** Task material follows **

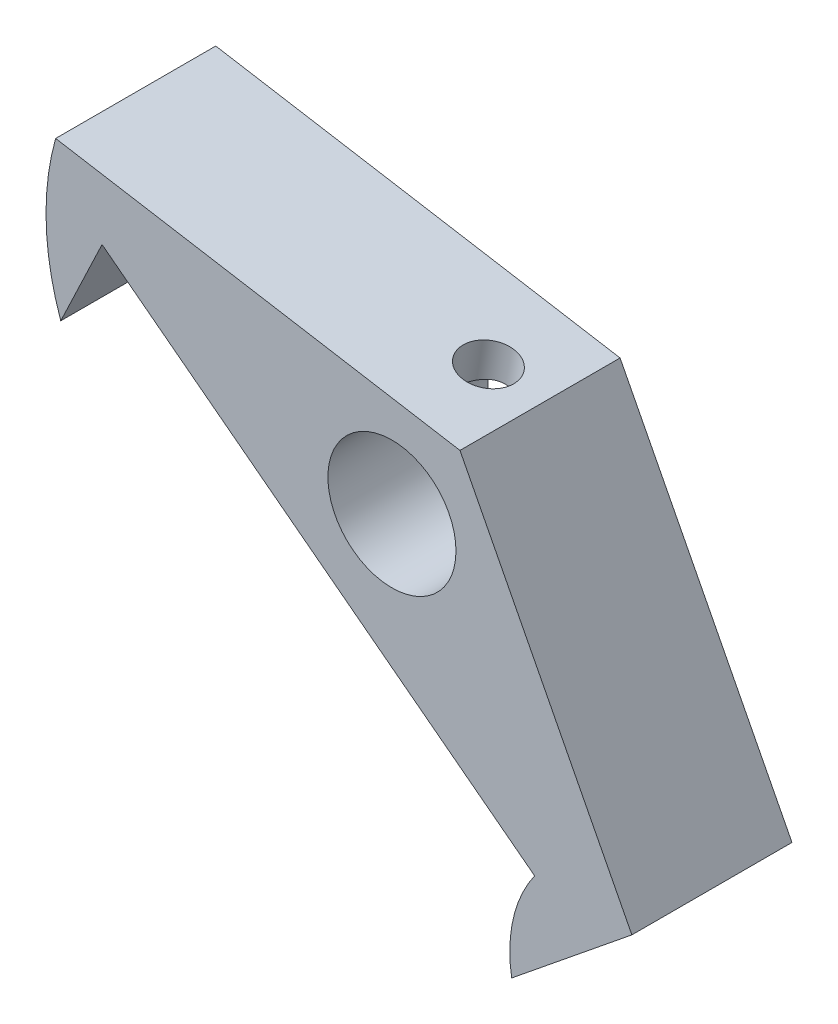
ISO-10303-21;
HEADER;
FILE_DESCRIPTION(('STEP AP214'),'2;1');
FILE_NAME('part.step','',(''),(''),'','','');
FILE_SCHEMA(('AUTOMOTIVE_DESIGN { 1 0 10303 214 1 1 1 1 }'));
ENDSEC;
DATA;
#1=APPLICATION_CONTEXT('core data for automotive mechanical design processes');
#2=APPLICATION_PROTOCOL_DEFINITION('international standard','automotive_design',2000,#1);
#3=PRODUCT_CONTEXT('',#1,'mechanical');
#4=PRODUCT('Part','Part','',(#3));
#5=PRODUCT_RELATED_PRODUCT_CATEGORY('part','',(#4));
#6=PRODUCT_DEFINITION_FORMATION('','',#4);
#7=PRODUCT_DEFINITION_CONTEXT('part definition',#1,'design');
#8=PRODUCT_DEFINITION('design','',#6,#7);
#9=PRODUCT_DEFINITION_SHAPE('','',#8);
#10=(LENGTH_UNIT() NAMED_UNIT(*) SI_UNIT(.MILLI.,.METRE.));
#11=(NAMED_UNIT(*) PLANE_ANGLE_UNIT() SI_UNIT($,.RADIAN.));
#12=(NAMED_UNIT(*) SI_UNIT($,.STERADIAN.) SOLID_ANGLE_UNIT());
#13=UNCERTAINTY_MEASURE_WITH_UNIT(LENGTH_MEASURE(1.E-05),#10,'distance_accuracy_value','');
#14=(GEOMETRIC_REPRESENTATION_CONTEXT(3) GLOBAL_UNCERTAINTY_ASSIGNED_CONTEXT((#13)) GLOBAL_UNIT_ASSIGNED_CONTEXT((#10,
#11,#12)) REPRESENTATION_CONTEXT('',''));
#15=CARTESIAN_POINT('',(0.,0.,0.));
#16=DIRECTION('',(0.,0.,1.));
#17=DIRECTION('',(1.,0.,0.));
#18=AXIS2_PLACEMENT_3D('',#15,#16,#17);
#19=CARTESIAN_POINT('',(-2.78543873261916,98.7280778215023,5.));
#20=DIRECTION('',(0.,0.,1.));
#21=DIRECTION('',(1.,0.,0.));
#22=AXIS2_PLACEMENT_3D('',#19,#20,#21);
#23=PLANE('',#22);
#24=DIRECTION('',(-0.986153532363671,0.165834889593997,0.));
#25=VECTOR('',#24,1.);
#26=CARTESIAN_POINT('',(2.12464123504047,98.7792651563676,5.));
#27=LINE('',#26,#25);
#28=CARTESIAN_POINT('',(2.12464123504047,98.7792651563676,5.));
#29=VERTEX_POINT('',#28);
#30=CARTESIAN_POINT('',(-10.5024168068803,100.902673639487,5.));
#31=VERTEX_POINT('',#30);
#32=EDGE_CURVE('E147',#29,#31,#27,.T.);
#33=ORIENTED_EDGE('',*,*,#32,.T.);
#34=CARTESIAN_POINT('',(-2.78543873261916,98.7280778215023,5.));
#35=DIRECTION('',(0.,0.,1.));
#36=DIRECTION('',(1.,0.,0.));
#37=AXIS2_PLACEMENT_3D('',#34,#35,#36);
#38=CIRCLE('',#37,8.01751941501998);
#39=CARTESIAN_POINT('',(-10.342383239066,96.0497934272108,5.));
#40=VERTEX_POINT('',#39);
#41=EDGE_CURVE('E99',#31,#40,#38,.T.);
#42=ORIENTED_EDGE('',*,*,#41,.T.);
#43=DIRECTION('',(0.429730555962983,0.902957169123622,0.));
#44=VECTOR('',#43,1.);
#45=CARTESIAN_POINT('',(-10.342383239066,96.0497934272108,5.));
#46=LINE('',#45,#44);
#47=CARTESIAN_POINT('',(-9.05319157117707,98.7586649345817,5.));
#48=VERTEX_POINT('',#47);
#49=EDGE_CURVE('E160',#40,#48,#46,.T.);
#50=ORIENTED_EDGE('',*,*,#49,.T.);
#51=DIRECTION('',(0.794671007391761,-0.607040352868706,0.));
#52=VECTOR('',#51,1.);
#53=CARTESIAN_POINT('',(-9.05319157117707,98.7586649345817,5.));
#54=LINE('',#53,#52);
#55=CARTESIAN_POINT('',(4.45662118778207,88.4386690770435,5.));
#56=VERTEX_POINT('',#55);
#57=EDGE_CURVE('E115',#48,#56,#54,.T.);
#58=ORIENTED_EDGE('',*,*,#57,.T.);
#59=CARTESIAN_POINT('',(7.86282053227756,86.012962788562,5.));
#60=DIRECTION('',(0.,0.,1.));
#61=DIRECTION('',(1.,0.,0.));
#62=AXIS2_PLACEMENT_3D('',#59,#60,#61);
#63=CIRCLE('',#62,4.18165576924022);
#64=CARTESIAN_POINT('',(3.7394519200961,85.3172068971053,5.));
#65=VERTEX_POINT('',#64);
#66=EDGE_CURVE('E109',#56,#65,#63,.T.);
#67=ORIENTED_EDGE('',*,*,#66,.T.);
#68=DIRECTION('',(0.776877331432497,0.629651976814433,0.));
#69=VECTOR('',#68,1.);
#70=CARTESIAN_POINT('',(3.7394519200961,85.3172068971053,5.));
#71=LINE('',#70,#69);
#72=CARTESIAN_POINT('',(7.49299434046541,88.3594187231144,5.));
#73=VERTEX_POINT('',#72);
#74=EDGE_CURVE('E113',#65,#73,#71,.T.);
#75=ORIENTED_EDGE('',*,*,#74,.T.);
#76=DIRECTION('',(-0.457993902099014,0.888955333883609,0.));
#77=VECTOR('',#76,1.);
#78=CARTESIAN_POINT('',(7.49299434046541,88.3594187231144,5.));
#79=LINE('',#78,#77);
#80=EDGE_CURVE('E60',#73,#29,#79,.T.);
#81=ORIENTED_EDGE('',*,*,#80,.T.);
#82=EDGE_LOOP('',(#33,#42,#50,#58,#67,#75,#81));
#83=FACE_BOUND('',#82,.T.);
#84=CARTESIAN_POINT('',(0.,95.9979166304964,5.));
#85=DIRECTION('',(0.,0.,1.));
#86=DIRECTION('',(1.,0.,0.));
#87=AXIS2_PLACEMENT_3D('',#84,#85,#86);
#88=CIRCLE('',#87,2.);
#89=CARTESIAN_POINT('',(2.,95.9979166304964,5.));
#90=VERTEX_POINT('',#89);
#91=EDGE_CURVE('E138',#90,#90,#88,.T.);
#92=ORIENTED_EDGE('',*,*,#91,.F.);
#93=EDGE_LOOP('',(#92));
#94=FACE_BOUND('',#93,.T.);
#95=ADVANCED_FACE('F37',(#83,#94),#23,.T.);
#96=CARTESIAN_POINT('',(-2.78543873261916,98.7280778215023,0.));
#97=DIRECTION('',(0.,0.,1.));
#98=DIRECTION('',(1.,0.,0.));
#99=AXIS2_PLACEMENT_3D('',#96,#97,#98);
#100=PLANE('',#99);
#101=DIRECTION('',(-0.986153532363671,0.165834889593997,0.));
#102=VECTOR('',#101,1.);
#103=CARTESIAN_POINT('',(2.12464123504047,98.7792651563676,0.));
#104=LINE('',#103,#102);
#105=CARTESIAN_POINT('',(2.12464123504047,98.7792651563676,0.));
#106=VERTEX_POINT('',#105);
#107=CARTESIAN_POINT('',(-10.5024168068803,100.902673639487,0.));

** End of Task material **

▶ **Activity**
What you return must be the lines above that run from the line with "#77=VECTOR('',#76,1.);" to the line with "#96=CARTESIAN_POINT('',(-2.78543873261916,98.7280778215023,0.));", inclusive, each copied exactly.

▶ **Response for this exercise**
#77=VECTOR('',#76,1.);
#78=CARTESIAN_POINT('',(7.49299434046541,88.3594187231144,5.));
#79=LINE('',#78,#77);
#80=EDGE_CURVE('E60',#73,#29,#79,.T.);
#81=ORIENTED_EDGE('',*,*,#80,.T.);
#82=EDGE_LOOP('',(#33,#42,#50,#58,#67,#75,#81));
#83=FACE_BOUND('',#82,.T.);
#84=CARTESIAN_POINT('',(0.,95.9979166304964,5.));
#85=DIRECTION('',(0.,0.,1.));
#86=DIRECTION('',(1.,0.,0.));
#87=AXIS2_PLACEMENT_3D('',#84,#85,#86);
#88=CIRCLE('',#87,2.);
#89=CARTESIAN_POINT('',(2.,95.9979166304964,5.));
#90=VERTEX_POINT('',#89);
#91=EDGE_CURVE('E138',#90,#90,#88,.T.);
#92=ORIENTED_EDGE('',*,*,#91,.F.);
#93=EDGE_LOOP('',(#92));
#94=FACE_BOUND('',#93,.T.);
#95=ADVANCED_FACE('F37',(#83,#94),#23,.T.);
#96=CARTESIAN_POINT('',(-2.78543873261916,98.7280778215023,0.));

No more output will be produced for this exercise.